Mr. Justice Patel , in the decision rendered on 14 August 1967, has
observed thus:
“In my view, the word 'immediate' in the above clause has
been   used   by   the   legislature   with   some   intent.   If   the
legislature wanted to provide that the landlords should be
entitled to recover possession for the purpose of demolition of
the property ordered by the Corporation there should have
been no necessity of using the word 'immediate' and even the
meaning it would have borne would be the same which Mr.

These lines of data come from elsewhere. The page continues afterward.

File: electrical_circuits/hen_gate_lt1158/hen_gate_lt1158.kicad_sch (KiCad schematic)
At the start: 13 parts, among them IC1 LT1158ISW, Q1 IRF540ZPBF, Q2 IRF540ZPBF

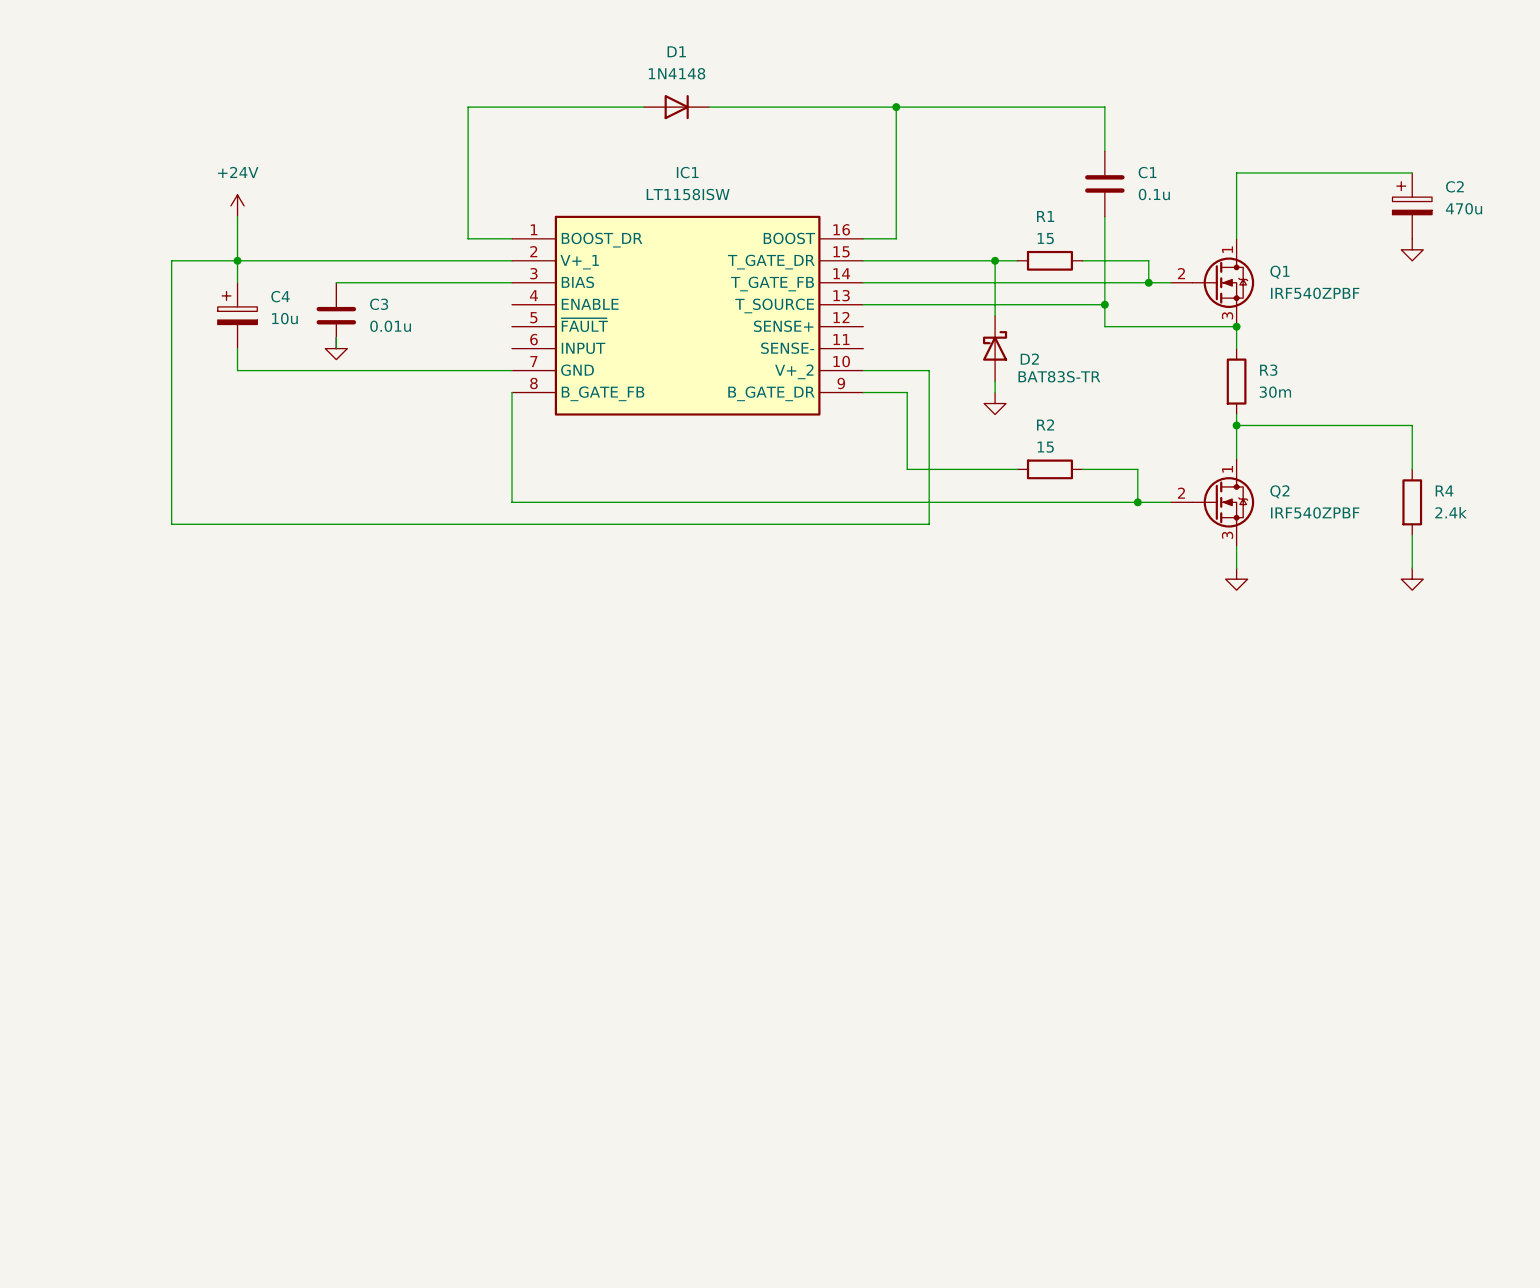
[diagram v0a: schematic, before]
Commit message: Introduced new IC - IFX007T half bridge (INFINEON). Begin power scheme.
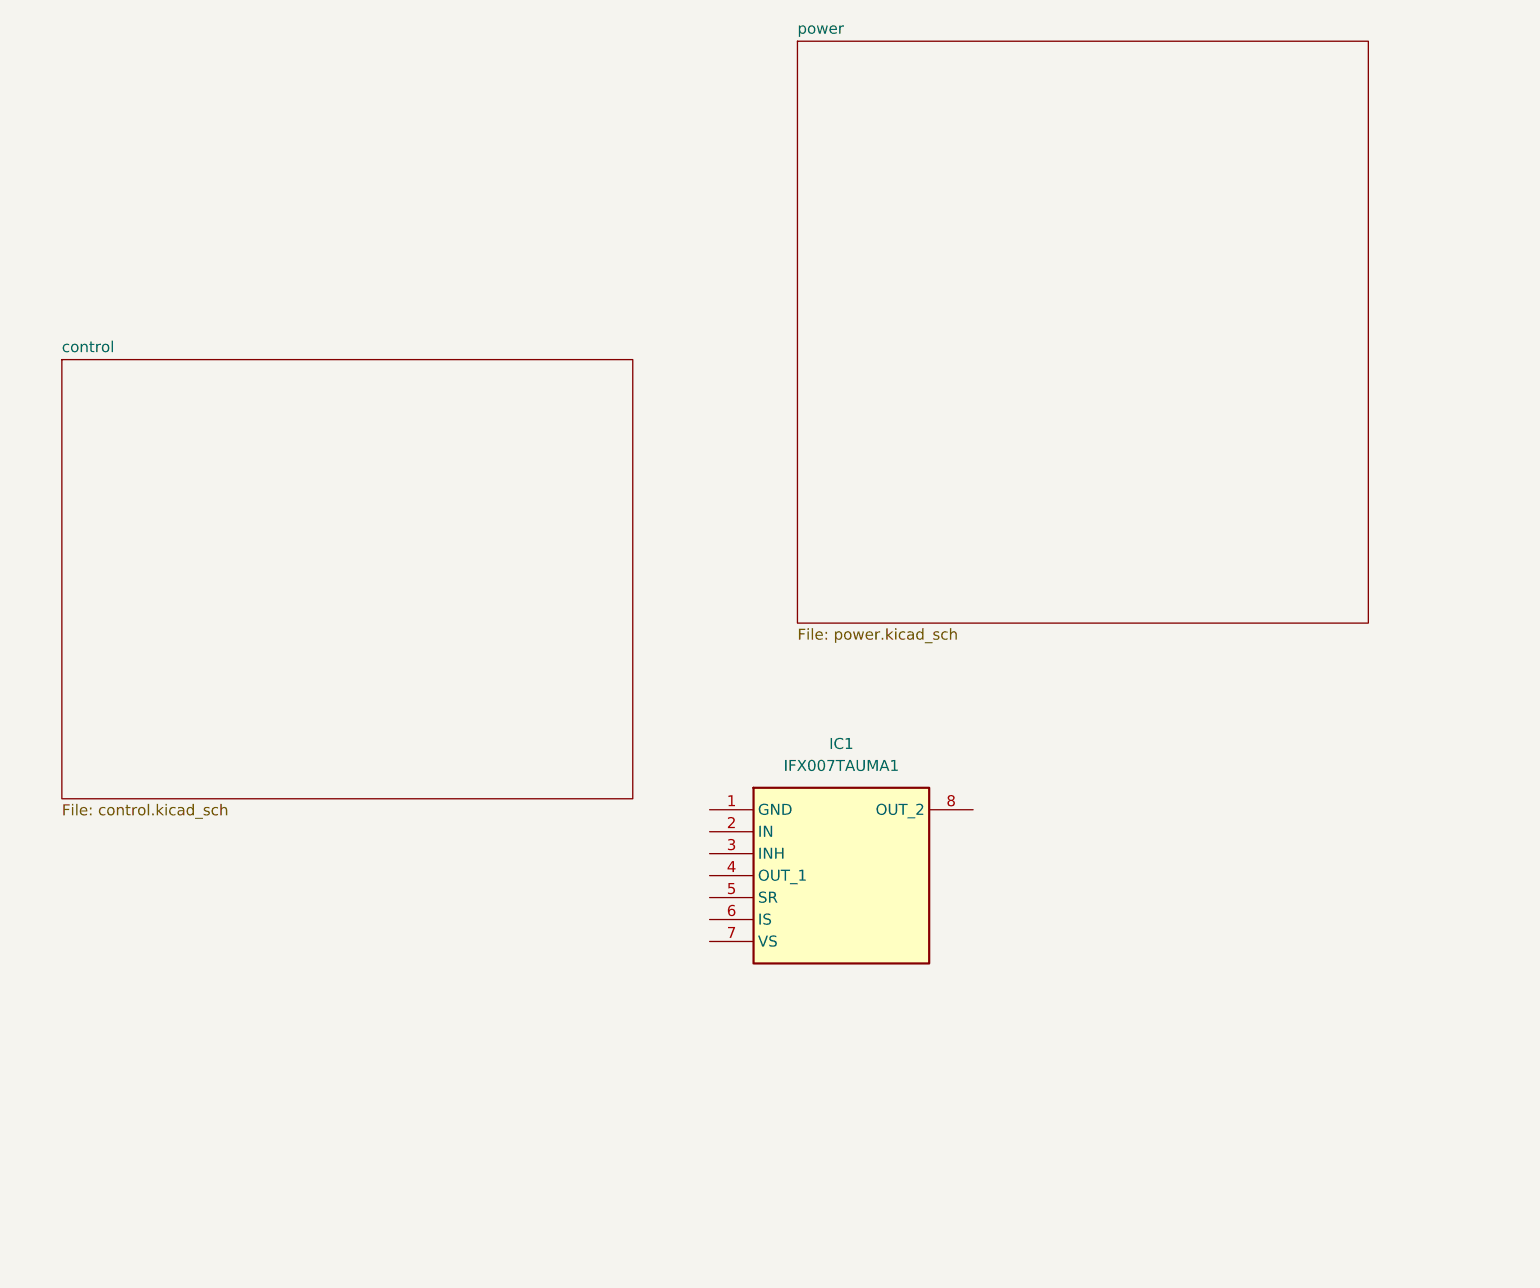
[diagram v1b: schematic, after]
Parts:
- removed C1: 0.1u, Capacitor_SMD:C_0805_2012Metric, symbol Device:C
- removed C2: 470u, Capacitor_THT:CP_Radial_D12.5mm_P2.50mm, symbol Device:C_Polarized
- removed C3: 0.01u, Capacitor_SMD:C_0805_2012Metric, symbol Device:C
- removed C4: 10u, symbol Device:C_Polarized
- removed D1: 1N4148, Diode_SMD:D_SOD-123, symbol Device:D
- removed D2: BAT83S-TR, Diode_THT:D_DO-35_SOD27_P7.62mm_Horizontal, symbol Device:D_Schottky
- removed IC1: LT1158ISW, SOIC127P1032X264-16N, symbol LT1158ISW:LT1158ISW#PBF
- removed Q1, Q2: IRF540ZPBF, Package_TO_SOT_THT:TO-220-3_Vertical, symbol Device:Q_NMOS_DGS
- removed R1, R2: 15, Resistor_SMD:R_0805_2012Metric_Pad1.20x1.40mm_HandSolder, symbol Device:R
- removed R3: 30m, CSSH2728:RESC6771X124N, symbol Device:R
- removed R4: 2.4k, symbol Device:R
- added IC1: IFX007TAUMA1, PG-TO263-7-1, symbol IFX007TAUMA1:IFX007TAUMA1
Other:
- added sheet control (control.kicad_sch)
- added sheet power (power.kicad_sch)

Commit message: Added 8-bit uC to hen_gate_lt1158 project.
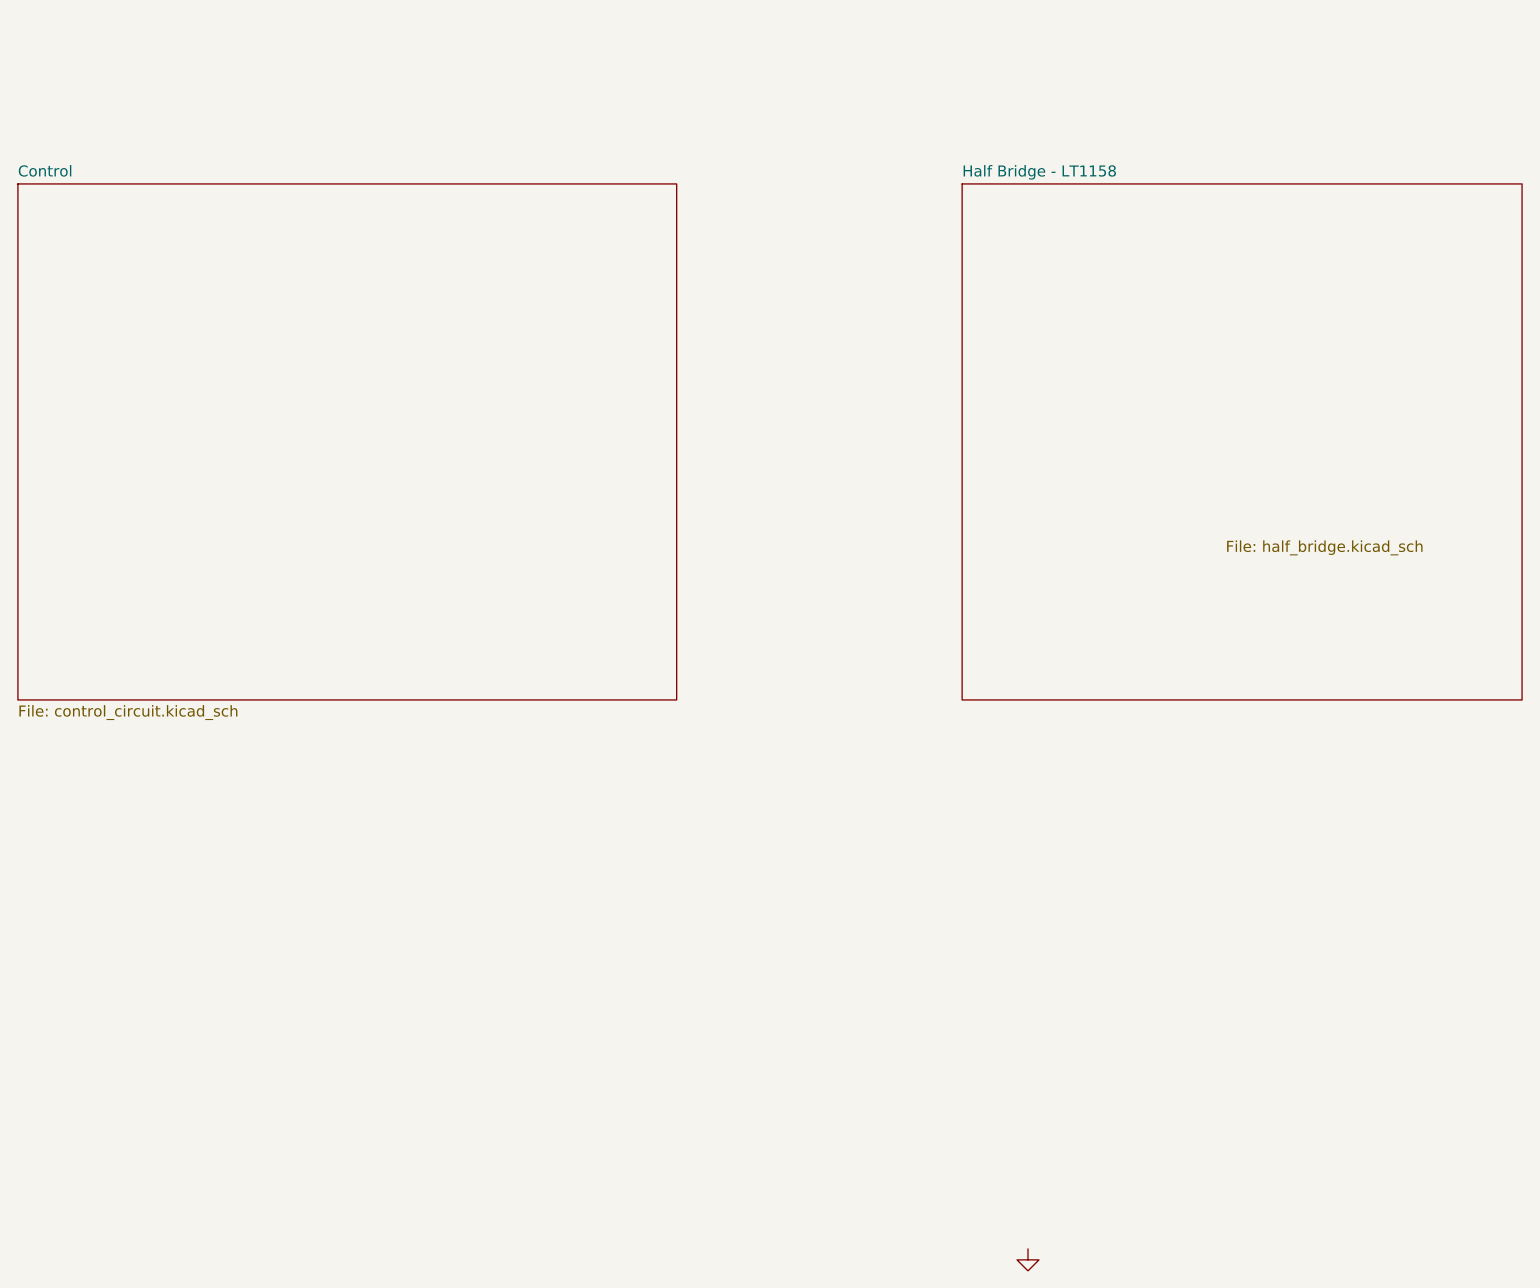
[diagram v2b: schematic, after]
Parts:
- removed IC1: IFX007TAUMA1, PG-TO263-7-1, symbol IFX007TAUMA1:IFX007TAUMA1
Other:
- removed sheet control
- removed sheet power
- added sheet Control (control_circuit.kicad_sch)
- added sheet Half Bridge - LT1158 (half_bridge.kicad_sch)
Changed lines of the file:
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@@
 	(paper "A4")
 	(symbol
-		(lib_id "IFX007TAUMA1:IFX007TAUMA1")
-		(at 143.51 132.08 0)
+		(lib_id "power:GND")
+		(at 180.34 182.88 0)
 		(unit 1)
 		(exclude_from_sim no)
@@
 		(dnp no)
 		(fields_autoplaced yes)
-		(property "Reference" "IC1"
-			(at 158.75 124.46 0)
-			(effects
-				(font
-					(size 1.27 1.27)
-				)
-			)
-		)
-		(property "Value" "IFX007TAUMA1"
-			(at 158.75 127 0)
-			(effects
-				(font
-					(size 1.27 1.27)
-				)
-			)
-		)
-		(property "Footprint" "PG-TO263-7-1"
-			(at 170.18 227 0)
-			(effects
-				(font
-					(size 1.27 1.27)
-				)
-				(justify left top)
-				(hide yes)
-			)
-		)
-		(property "Datasheet" "https://www.infineon.com/dgdl/Infineon-IFX007T-DS-v01_00-EN.pdf?fileId=5546d46265f064ff0166433484070b75"
-			(at 170.18 327 0)
-			(effects
-				(font
-					(size 1.27 1.27)
-				)
-				(justify left top)
-				(hide yes)
-			)
-		)
-		(property "Description" "Gate Drivers"
-			(at 143.51 132.08 0)
+		(property "Reference" "#PWR3"
+			(at 180.34 189.23 0)
 			(effects
 				(font
@@
 			)
 		)
-		(property "Height" ""
-			(at 170.18 527 0)
+		(property "Value" "GND"
+			(at 180.34 187.96 0)
 			(effects
 				(font
 					(size 1.27 1.27)
 				)
-				(justify left top)
 				(hide yes)
 			)
 		)
-		(property "Mouser Part Number" "726-IFX007TAUMA1"
-			(at 170.18 627 0)
+		(property "Footprint" ""
+			(at 180.34 182.88 0)
 			(effects
 				(font
 					(size 1.27 1.27)
 				)
-				(justify left top)
 				(hide yes)
 			)
 		)
-		(property "Mouser Price/Stock" "https://www.mouser.co.uk/ProductDetail/Infineon-Technologies/IFX007TAUMA1?qs=qSfuJ%252Bfl%2Fd7ZcDPqNlCgmA%3D%3D"
-			(at 170.18 727 0)
+		(property "Datasheet" ""
+			(at 180.34 182.88 0)
 			(effects
 				(font
 					(size 1.27 1.27)
 				)
-				(justify left top)
 				(hide yes)
 			)
 		)
-		(property "Manufacturer_Name" "Infineon"
-			(at 170.18 827 0)
+		(property "Description" "Power symbol creates a global label with name \"GND\" , ground"
+			(at 180.34 182.88 0)
 			(effects
 				(font
 					(size 1.27 1.27)
 				)
-				(justify left top)
 				(hide yes)
 			)
 		)
-		(property "Manufacturer_Part_Number" "IFX007TAUMA1"
-			(at 170.18 927 0)
-			(effects
-				(font
-					(size 1.27 1.27)
-				)
-				(justify left top)
-				(hide yes)
-			)
-		)
-		(pin "7"
-		)
-		(pin "5"
-		)
-		(pin "6"
-		)
-		(pin "4"
-		)
 		(pin "1"
 		)
-		(pin "3"
-		)
-		(pin "2"
-		)
-		(pin "8"
-		)
 		(instances
-			(project ""
+			(project "hen_gate_lt1158"
 				(path "/a762bba9-2ae1-4991-be5c-6810d4bd1a2c"
-					(reference "IC1")
+					(reference "#PWR3")
 					(unit 1)
 				)
@@
 	)
 	(sheet
-		(at 68.58 80.01)
-		(size 66.04 50.8)
+		(at 63.5 59.69)
+		(size 76.2 59.69)
 		(fields_autoplaced yes)
 		(stroke
@@
 			(color 0 0 0 0.0000)
 		)
-		(property "Sheetname" "control"
-			(at 68.58 79.2984 0)
+		(property "Sheetname" "Control"
+			(at 63.5 58.9784 0)
 			(effects
 				(font
@@
 			)
 		)
-		(property "Sheetfile" "control.kicad_sch"
-			(at 68.58 131.3946 0)
+		(property "Sheetfile" "control_circuit.kicad_sch"
+			(at 63.5 119.9646 0)
 			(effects
 				(font
@@
 	)
 	(sheet
-		(at 153.67 43.18)
-		(size 66.04 67.31)
-		(fields_autoplaced yes)
+		(at 172.72 59.69)
+		(size 64.77 59.69)
 		(stroke
 			(width 0.1524)
@@
 			(color 0 0 0 0.0000)
 		)
-		(property "Sheetname" "power"
-			(at 153.67 42.4684 0)
+		(property "Sheetname" "Half Bridge - LT1158"
+			(at 172.72 58.9784 0)
 			(effects
 				(font
@@
 			)
 		)
-		(property "Sheetfile" "power.kicad_sch"
-			(at 153.67 111.0746 0)
+		(property "Sheetfile" "half_bridge.kicad_sch"
+			(at 203.2 100.9146 0)
 			(effects
 				(font

Dhanuka wants me to give to the above clause. It must be
remembered in this connection that between the issuing of the
notices by the Municipal Corporation for demolition of the
premises and the filing of a suit many things might intervene
and though at one time the Corporation might have thought
that a building was in such a ruinous condition that it must
be ordered to be demolished, the same state of affairs might
not continue to exist after the lapse of a few years. The word
'immediate' must be given its due effect in the context.” 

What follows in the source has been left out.